**What this task involves**
Each record that follows is to be reproduced character for character, pictures excepted.

(Saved entries)
......

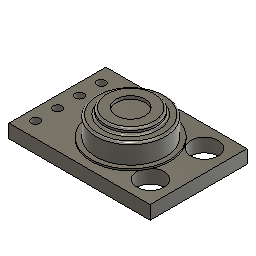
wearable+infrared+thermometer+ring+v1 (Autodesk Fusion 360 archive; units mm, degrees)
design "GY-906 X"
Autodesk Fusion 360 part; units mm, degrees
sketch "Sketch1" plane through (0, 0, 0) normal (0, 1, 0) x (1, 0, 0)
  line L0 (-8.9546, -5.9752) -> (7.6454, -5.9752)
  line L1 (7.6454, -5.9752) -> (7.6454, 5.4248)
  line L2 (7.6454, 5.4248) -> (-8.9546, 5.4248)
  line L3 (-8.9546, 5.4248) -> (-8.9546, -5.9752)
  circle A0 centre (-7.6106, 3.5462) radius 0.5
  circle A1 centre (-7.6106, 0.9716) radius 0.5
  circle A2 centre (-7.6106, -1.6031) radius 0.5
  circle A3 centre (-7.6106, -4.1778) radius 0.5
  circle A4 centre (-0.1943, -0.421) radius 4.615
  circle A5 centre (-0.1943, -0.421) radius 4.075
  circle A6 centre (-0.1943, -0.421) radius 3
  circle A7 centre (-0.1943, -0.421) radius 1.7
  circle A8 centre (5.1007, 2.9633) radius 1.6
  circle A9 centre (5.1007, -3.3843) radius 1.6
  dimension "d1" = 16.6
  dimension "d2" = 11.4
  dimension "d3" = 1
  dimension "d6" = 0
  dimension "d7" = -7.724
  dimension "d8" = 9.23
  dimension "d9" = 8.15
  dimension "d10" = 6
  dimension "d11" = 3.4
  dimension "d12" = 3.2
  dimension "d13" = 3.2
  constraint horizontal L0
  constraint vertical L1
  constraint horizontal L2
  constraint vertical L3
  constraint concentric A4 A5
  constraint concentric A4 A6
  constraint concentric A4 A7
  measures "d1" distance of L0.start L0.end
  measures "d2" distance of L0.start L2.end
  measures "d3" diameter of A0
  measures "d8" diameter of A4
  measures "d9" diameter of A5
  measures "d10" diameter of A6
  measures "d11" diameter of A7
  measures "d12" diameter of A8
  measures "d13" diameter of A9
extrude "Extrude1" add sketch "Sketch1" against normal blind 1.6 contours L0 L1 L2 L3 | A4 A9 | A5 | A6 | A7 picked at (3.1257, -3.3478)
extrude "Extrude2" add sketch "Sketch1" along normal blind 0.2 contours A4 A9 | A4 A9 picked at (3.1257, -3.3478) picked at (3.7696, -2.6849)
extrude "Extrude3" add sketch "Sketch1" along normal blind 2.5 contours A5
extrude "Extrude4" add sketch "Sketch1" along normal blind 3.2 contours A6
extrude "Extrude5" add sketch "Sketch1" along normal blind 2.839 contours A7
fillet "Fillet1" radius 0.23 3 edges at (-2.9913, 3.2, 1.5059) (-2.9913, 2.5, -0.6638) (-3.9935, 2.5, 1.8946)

......

**Response below**
wearable+infrared+thermometer+ring+v1 (Autodesk Fusion 360 archive; units mm, degrees)
design "GY-906 X"
Autodesk Fusion 360 part; units mm, degrees
sketch "Sketch1" plane through (0, 0, 0) normal (0, 1, 0) x (1, 0, 0)
  line L0 (-8.9546, -5.9752) -> (7.6454, -5.9752)
  line L1 (7.6454, -5.9752) -> (7.6454, 5.4248)
  line L2 (7.6454, 5.4248) -> (-8.9546, 5.4248)
  line L3 (-8.9546, 5.4248) -> (-8.9546, -5.9752)
  circle A0 centre (-7.6106, 3.5462) radius 0.5
  circle A1 centre (-7.6106, 0.9716) radius 0.5
  circle A2 centre (-7.6106, -1.6031) radius 0.5
  circle A3 centre (-7.6106, -4.1778) radius 0.5
  circle A4 centre (-0.1943, -0.421) radius 4.615
  circle A5 centre (-0.1943, -0.421) radius 4.075
  circle A6 centre (-0.1943, -0.421) radius 3
  circle A7 centre (-0.1943, -0.421) radius 1.7
  circle A8 centre (5.1007, 2.9633) radius 1.6
  circle A9 centre (5.1007, -3.3843) radius 1.6
  dimension "d1" = 16.6
  dimension "d2" = 11.4
  dimension "d3" = 1
  dimension "d6" = 0
  dimension "d7" = -7.724
  dimension "d8" = 9.23
  dimension "d9" = 8.15
  dimension "d10" = 6
  dimension "d11" = 3.4
  dimension "d12" = 3.2
  dimension "d13" = 3.2
  constraint horizontal L0
  constraint vertical L1
  constraint horizontal L2
  constraint vertical L3
  constraint concentric A4 A5
  constraint concentric A4 A6
  constraint concentric A4 A7
  measures "d1" distance of L0.start L0.end
  measures "d2" distance of L0.start L2.end
  measures "d3" diameter of A0
  measures "d8" diameter of A4
  measures "d9" diameter of A5
  measures "d10" diameter of A6
  measures "d11" diameter of A7
  measures "d12" diameter of A8
  measures "d13" diameter of A9
extrude "Extrude1" add sketch "Sketch1" against normal blind 1.6 contours L0 L1 L2 L3 | A4 A9 | A5 | A6 | A7 picked at (3.1257, -3.3478)
extrude "Extrude2" add sketch "Sketch1" along normal blind 0.2 contours A4 A9 | A4 A9 picked at (3.1257, -3.3478) picked at (3.7696, -2.6849)
extrude "Extrude3" add sketch "Sketch1" along normal blind 2.5 contours A5
extrude "Extrude4" add sketch "Sketch1" along normal blind 3.2 contours A6
extrude "Extrude5" add sketch "Sketch1" along normal blind 2.839 contours A7
fillet "Fillet1" radius 0.23 3 edges at (-2.9913, 3.2, 1.5059) (-2.9913, 2.5, -0.6638) (-3.9935, 2.5, 1.8946)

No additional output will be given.